## WHAT IS BEING ASKED
Once you reach the line containing "#98=LINE('',#97,#96);" in the data below, restate each line word for word up to and including the one containing "#116=ORIENTED_EDGE('',*,*,#115,.T.);".

## SUPPLIED DATA
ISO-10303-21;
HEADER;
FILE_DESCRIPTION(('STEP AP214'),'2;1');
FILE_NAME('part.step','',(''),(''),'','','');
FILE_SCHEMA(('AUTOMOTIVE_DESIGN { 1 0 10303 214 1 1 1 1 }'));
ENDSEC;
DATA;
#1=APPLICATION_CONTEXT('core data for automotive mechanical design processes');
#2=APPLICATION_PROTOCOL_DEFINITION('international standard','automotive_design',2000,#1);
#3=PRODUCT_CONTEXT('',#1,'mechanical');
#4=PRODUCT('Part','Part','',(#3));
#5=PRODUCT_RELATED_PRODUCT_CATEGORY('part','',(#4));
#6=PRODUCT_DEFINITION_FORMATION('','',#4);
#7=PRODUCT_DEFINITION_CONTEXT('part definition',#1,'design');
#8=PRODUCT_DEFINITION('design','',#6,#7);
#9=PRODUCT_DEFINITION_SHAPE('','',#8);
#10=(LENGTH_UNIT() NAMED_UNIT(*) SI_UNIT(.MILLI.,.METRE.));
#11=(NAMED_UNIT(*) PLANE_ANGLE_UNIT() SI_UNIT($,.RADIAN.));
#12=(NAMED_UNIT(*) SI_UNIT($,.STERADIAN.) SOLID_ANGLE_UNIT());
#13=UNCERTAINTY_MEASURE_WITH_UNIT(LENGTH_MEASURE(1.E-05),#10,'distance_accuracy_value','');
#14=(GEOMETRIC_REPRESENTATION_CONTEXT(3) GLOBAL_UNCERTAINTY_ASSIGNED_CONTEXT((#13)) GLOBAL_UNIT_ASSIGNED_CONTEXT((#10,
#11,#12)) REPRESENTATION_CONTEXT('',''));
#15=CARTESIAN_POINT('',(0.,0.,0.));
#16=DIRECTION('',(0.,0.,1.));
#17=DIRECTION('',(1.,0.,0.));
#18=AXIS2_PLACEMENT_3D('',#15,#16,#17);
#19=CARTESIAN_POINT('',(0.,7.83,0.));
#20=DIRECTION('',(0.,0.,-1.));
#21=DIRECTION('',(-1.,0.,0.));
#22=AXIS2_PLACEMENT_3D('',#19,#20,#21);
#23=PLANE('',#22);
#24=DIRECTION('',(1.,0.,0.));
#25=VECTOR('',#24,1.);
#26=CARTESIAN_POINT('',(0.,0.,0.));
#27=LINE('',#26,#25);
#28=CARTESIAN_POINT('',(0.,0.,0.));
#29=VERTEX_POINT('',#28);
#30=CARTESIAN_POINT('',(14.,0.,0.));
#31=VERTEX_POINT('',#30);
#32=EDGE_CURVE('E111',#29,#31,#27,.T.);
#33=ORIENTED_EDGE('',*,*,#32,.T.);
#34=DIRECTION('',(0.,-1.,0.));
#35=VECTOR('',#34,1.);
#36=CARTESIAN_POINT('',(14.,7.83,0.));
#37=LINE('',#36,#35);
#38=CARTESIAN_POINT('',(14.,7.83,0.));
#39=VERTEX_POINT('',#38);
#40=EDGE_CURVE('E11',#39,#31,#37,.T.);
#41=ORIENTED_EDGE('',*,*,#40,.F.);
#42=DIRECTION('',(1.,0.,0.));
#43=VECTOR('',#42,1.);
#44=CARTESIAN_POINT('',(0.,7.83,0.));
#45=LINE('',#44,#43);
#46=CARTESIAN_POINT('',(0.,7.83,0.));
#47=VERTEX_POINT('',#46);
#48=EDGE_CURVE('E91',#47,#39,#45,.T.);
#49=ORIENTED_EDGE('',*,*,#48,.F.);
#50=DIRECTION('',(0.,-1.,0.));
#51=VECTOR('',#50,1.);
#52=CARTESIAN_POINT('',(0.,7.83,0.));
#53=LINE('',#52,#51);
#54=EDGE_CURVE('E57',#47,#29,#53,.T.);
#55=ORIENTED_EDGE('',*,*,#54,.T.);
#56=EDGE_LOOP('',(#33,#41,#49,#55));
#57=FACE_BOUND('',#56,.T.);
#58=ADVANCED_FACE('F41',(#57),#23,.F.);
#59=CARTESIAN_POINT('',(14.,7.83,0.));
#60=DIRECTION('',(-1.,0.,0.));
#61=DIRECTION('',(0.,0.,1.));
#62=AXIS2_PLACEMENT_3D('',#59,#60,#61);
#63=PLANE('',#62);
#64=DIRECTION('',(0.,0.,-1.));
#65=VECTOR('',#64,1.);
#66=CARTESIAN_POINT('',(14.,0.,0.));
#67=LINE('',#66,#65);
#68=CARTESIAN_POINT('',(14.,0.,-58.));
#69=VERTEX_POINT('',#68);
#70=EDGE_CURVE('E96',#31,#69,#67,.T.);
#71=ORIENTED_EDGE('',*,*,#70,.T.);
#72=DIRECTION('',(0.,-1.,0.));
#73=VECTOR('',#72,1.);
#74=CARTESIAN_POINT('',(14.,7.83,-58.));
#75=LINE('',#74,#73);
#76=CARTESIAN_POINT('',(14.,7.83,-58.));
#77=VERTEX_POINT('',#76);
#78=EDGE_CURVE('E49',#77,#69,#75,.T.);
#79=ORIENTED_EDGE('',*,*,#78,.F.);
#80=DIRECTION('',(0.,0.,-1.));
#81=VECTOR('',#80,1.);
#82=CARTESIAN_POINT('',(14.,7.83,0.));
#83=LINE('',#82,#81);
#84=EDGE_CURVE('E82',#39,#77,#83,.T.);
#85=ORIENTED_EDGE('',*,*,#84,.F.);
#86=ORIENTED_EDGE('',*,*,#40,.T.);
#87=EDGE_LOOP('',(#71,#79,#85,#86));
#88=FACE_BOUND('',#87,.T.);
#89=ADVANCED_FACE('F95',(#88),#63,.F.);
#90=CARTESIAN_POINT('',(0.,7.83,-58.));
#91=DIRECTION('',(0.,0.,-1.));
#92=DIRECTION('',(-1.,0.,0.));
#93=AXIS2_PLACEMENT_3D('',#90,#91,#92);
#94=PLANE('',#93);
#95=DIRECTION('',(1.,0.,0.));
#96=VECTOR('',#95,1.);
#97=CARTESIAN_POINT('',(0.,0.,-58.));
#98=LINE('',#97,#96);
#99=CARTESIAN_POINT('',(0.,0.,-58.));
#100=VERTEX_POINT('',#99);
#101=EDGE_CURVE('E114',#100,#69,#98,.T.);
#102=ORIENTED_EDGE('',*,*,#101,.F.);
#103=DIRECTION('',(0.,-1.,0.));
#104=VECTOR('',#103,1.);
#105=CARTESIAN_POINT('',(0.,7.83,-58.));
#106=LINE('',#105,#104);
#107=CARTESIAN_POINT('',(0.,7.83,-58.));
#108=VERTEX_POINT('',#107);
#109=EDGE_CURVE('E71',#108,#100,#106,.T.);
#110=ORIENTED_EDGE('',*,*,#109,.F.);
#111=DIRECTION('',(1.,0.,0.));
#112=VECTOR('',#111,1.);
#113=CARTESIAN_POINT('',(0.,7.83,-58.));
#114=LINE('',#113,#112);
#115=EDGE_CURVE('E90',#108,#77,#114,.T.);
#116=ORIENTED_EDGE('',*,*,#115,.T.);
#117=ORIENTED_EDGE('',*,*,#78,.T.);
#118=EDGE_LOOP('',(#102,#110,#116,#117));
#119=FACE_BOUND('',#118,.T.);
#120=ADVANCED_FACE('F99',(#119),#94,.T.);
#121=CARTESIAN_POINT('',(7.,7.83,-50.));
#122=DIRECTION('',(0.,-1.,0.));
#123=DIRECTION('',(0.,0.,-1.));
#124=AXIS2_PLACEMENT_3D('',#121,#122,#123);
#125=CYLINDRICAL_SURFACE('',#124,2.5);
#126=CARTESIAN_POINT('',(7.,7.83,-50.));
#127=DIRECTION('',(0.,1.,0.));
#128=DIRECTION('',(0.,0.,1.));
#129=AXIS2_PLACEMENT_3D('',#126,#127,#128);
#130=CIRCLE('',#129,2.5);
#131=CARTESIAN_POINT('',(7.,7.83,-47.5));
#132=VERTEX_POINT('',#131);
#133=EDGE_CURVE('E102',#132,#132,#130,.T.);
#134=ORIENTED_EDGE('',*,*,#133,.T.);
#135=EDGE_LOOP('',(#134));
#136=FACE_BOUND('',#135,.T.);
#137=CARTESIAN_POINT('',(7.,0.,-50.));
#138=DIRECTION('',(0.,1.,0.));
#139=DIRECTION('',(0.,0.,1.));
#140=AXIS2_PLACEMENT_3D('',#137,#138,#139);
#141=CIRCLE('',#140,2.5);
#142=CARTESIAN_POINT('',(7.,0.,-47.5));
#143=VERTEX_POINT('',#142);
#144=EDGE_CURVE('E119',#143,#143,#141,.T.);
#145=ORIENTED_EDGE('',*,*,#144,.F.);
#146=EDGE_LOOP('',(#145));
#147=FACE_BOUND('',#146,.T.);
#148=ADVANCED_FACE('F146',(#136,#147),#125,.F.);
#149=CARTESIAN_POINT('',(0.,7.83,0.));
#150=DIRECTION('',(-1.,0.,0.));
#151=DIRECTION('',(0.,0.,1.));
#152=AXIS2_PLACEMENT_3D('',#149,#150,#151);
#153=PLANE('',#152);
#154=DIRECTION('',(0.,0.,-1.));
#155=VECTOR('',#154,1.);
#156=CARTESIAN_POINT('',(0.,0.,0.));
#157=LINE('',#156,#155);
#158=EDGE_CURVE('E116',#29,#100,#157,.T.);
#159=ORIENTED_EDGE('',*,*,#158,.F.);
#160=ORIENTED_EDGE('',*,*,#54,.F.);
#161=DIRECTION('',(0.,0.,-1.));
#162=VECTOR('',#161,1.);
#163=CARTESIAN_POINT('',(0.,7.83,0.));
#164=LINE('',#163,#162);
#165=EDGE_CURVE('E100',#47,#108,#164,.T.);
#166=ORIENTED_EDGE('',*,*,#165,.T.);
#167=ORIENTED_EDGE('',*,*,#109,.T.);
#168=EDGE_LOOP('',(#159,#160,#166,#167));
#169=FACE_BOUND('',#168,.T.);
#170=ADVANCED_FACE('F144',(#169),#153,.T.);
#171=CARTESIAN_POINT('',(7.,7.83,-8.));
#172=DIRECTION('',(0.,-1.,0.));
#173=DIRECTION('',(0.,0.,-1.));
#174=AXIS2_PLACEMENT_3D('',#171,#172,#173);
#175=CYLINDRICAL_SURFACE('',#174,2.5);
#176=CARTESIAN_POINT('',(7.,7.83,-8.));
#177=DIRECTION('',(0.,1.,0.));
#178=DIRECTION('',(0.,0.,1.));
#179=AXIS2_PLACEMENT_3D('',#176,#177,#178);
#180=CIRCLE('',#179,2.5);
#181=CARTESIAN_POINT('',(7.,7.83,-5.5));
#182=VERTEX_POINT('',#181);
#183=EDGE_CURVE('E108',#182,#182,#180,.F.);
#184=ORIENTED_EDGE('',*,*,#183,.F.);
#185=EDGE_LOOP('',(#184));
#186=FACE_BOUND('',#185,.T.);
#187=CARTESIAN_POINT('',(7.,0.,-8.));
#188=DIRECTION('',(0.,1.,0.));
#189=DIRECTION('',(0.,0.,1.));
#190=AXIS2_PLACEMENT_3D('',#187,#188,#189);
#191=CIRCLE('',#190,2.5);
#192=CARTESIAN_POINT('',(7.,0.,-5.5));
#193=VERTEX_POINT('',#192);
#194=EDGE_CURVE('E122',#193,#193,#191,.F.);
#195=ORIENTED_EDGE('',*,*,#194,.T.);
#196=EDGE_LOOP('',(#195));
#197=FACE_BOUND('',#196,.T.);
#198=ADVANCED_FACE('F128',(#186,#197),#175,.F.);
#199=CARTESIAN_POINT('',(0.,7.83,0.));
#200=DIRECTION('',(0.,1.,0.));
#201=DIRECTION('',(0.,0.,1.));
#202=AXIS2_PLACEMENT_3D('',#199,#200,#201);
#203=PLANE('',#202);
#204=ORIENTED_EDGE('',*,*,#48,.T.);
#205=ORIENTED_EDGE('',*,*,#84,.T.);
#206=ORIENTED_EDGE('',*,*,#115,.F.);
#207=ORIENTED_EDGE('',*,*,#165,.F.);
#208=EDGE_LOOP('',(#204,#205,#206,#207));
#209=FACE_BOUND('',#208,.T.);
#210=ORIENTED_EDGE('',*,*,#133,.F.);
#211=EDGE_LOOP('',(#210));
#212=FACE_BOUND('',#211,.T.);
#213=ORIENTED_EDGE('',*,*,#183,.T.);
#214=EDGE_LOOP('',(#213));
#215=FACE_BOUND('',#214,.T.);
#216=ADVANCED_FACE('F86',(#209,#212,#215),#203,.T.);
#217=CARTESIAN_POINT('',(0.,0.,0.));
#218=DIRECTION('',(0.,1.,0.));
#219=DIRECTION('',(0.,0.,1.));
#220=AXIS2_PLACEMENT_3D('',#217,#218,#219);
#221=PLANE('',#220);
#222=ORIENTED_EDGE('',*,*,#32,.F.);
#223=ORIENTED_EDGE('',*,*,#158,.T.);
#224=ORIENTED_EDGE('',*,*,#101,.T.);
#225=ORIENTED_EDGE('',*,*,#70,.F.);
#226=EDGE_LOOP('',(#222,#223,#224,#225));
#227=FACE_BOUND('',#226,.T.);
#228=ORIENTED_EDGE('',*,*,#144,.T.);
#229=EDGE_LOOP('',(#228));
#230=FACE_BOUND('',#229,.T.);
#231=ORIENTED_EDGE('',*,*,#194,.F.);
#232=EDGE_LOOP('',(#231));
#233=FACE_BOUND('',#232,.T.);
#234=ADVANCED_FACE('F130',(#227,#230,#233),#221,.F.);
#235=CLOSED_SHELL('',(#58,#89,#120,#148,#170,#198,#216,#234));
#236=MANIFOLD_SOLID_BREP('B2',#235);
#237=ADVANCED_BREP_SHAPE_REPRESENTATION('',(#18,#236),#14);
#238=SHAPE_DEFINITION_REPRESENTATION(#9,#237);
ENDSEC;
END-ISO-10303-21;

## ANSWER TO THIS EXERCISE
#98=LINE('',#97,#96);
#99=CARTESIAN_POINT('',(0.,0.,-58.));
#100=VERTEX_POINT('',#99);
#101=EDGE_CURVE('E114',#100,#69,#98,.T.);
#102=ORIENTED_EDGE('',*,*,#101,.F.);
#103=DIRECTION('',(0.,-1.,0.));
#104=VECTOR('',#103,1.);
#105=CARTESIAN_POINT('',(0.,7.83,-58.));
#106=LINE('',#105,#104);
#107=CARTESIAN_POINT('',(0.,7.83,-58.));
#108=VERTEX_POINT('',#107);
#109=EDGE_CURVE('E71',#108,#100,#106,.T.);
#110=ORIENTED_EDGE('',*,*,#109,.F.);
#111=DIRECTION('',(1.,0.,0.));
#112=VECTOR('',#111,1.);
#113=CARTESIAN_POINT('',(0.,7.83,-58.));
#114=LINE('',#113,#112);
#115=EDGE_CURVE('E90',#108,#77,#114,.T.);
#116=ORIENTED_EDGE('',*,*,#115,.T.);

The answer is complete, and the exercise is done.